What is being asked: Report each line from the records where the string "unit" turns up.

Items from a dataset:
━━━━
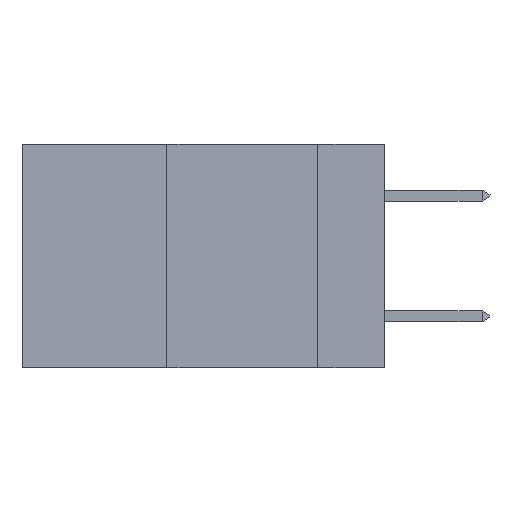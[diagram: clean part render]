
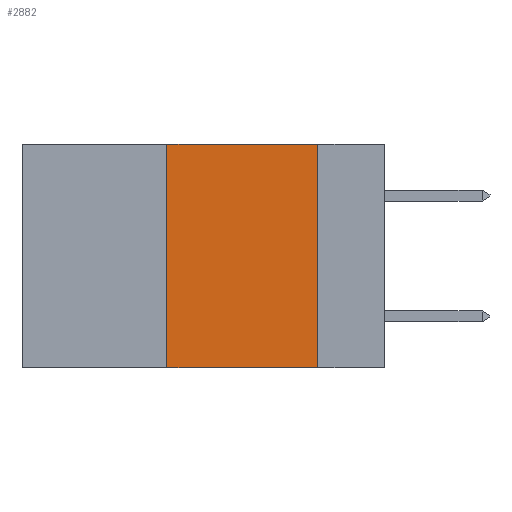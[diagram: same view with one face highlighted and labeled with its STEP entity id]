
A CAD part, left-side view. The second image highlights one B-rep face of the part: STEP entity #2882.
In plain terms, the highlighted planar face has unit normal (-1, 0, 0).
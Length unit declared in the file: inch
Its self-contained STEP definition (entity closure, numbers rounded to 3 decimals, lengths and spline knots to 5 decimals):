
#242 = LINE ( 'NONE', #5530, #7431 ) ;
#1097 = DIRECTION ( 'NONE',  ( 0., 0., -1. ) ) ;
#1214 = DIRECTION ( 'NONE',  ( 0., -1., 0. ) ) ;
#1263 = VECTOR ( 'NONE', #7927, 39.37008 ) ;
#1271 = PLANE ( 'NONE',  #9927 ) ;
#1643 = VERTEX_POINT ( 'NONE', #10515 ) ;
#1684 = ORIENTED_EDGE ( 'NONE', *, *, #6999, .F. ) ;
#1843 = VECTOR ( 'NONE', #5263, 39.37008 ) ;
#1930 = CARTESIAN_POINT ( 'NONE',  ( 0., 0.36, 0. ) ) ;
#1951 = ORIENTED_EDGE ( 'NONE', *, *, #3904, .T. ) ;
#2487 = CARTESIAN_POINT ( 'NONE',  ( 0., 0.11, -0.37 ) ) ;
#2882 = ADVANCED_FACE ( 'NONE', ( #9094 ), #1271, .F. ) ;
#2973 = DIRECTION ( 'NONE',  ( 0., 0., -1. ) ) ;
#3866 = LINE ( 'NONE', #1930, #1263 ) ;
#3904 = EDGE_CURVE ( 'NONE', #10453, #5152, #10832, .T. ) ;
#5152 = VERTEX_POINT ( 'NONE', #2487 ) ;
#5263 = DIRECTION ( 'NONE',  ( 0., -1., 0. ) ) ;
#5387 = CARTESIAN_POINT ( 'NONE',  ( 0., 0.36, -0.37 ) ) ;
#5530 = CARTESIAN_POINT ( 'NONE',  ( 0., 0.6, 0. ) ) ;
#6941 = EDGE_CURVE ( 'NONE', #10453, #1643, #3866, .T. ) ;
#6999 = EDGE_CURVE ( 'NONE', #10233, #5152, #9777, .T. ) ;
#7356 = VECTOR ( 'NONE', #1097, 39.37008 ) ;
#7431 = VECTOR ( 'NONE', #1214, 39.37008 ) ;
#7812 = CARTESIAN_POINT ( 'NONE',  ( 0., 0.6, -0.37 ) ) ;
#7927 = DIRECTION ( 'NONE',  ( 0., 0., 1. ) ) ;
#8132 = CARTESIAN_POINT ( 'NONE',  ( 0., 0.6, 0. ) ) ;
#8162 = DIRECTION ( 'NONE',  ( 1., 0., 0. ) ) ;
#8546 = ORIENTED_EDGE ( 'NONE', *, *, #9121, .F. ) ;
#9094 = FACE_OUTER_BOUND ( 'NONE', #10708, .T. ) ;
#9121 = EDGE_CURVE ( 'NONE', #1643, #10233, #242, .T. ) ;
#9777 = LINE ( 'NONE', #10409, #7356 ) ;
#9927 = AXIS2_PLACEMENT_3D ( 'NONE', #8132, #8162, #2973 ) ;
#10165 = CARTESIAN_POINT ( 'NONE',  ( 0., 0.11, 0. ) ) ;
#10233 = VERTEX_POINT ( 'NONE', #10165 ) ;
#10409 = CARTESIAN_POINT ( 'NONE',  ( 0., 0.11, 0. ) ) ;
#10453 = VERTEX_POINT ( 'NONE', #5387 ) ;
#10515 = CARTESIAN_POINT ( 'NONE',  ( 0., 0.36, 0. ) ) ;
#10694 = ORIENTED_EDGE ( 'NONE', *, *, #6941, .F. ) ;
#10708 = EDGE_LOOP ( 'NONE', ( #1684, #8546, #10694, #1951 ) ) ;
#10832 = LINE ( 'NONE', #7812, #1843 ) ;
━━━━
Solution below:
In plain terms, the highlighted planar face has unit normal (-1, 0, 0).
Length unit declared in the file: inch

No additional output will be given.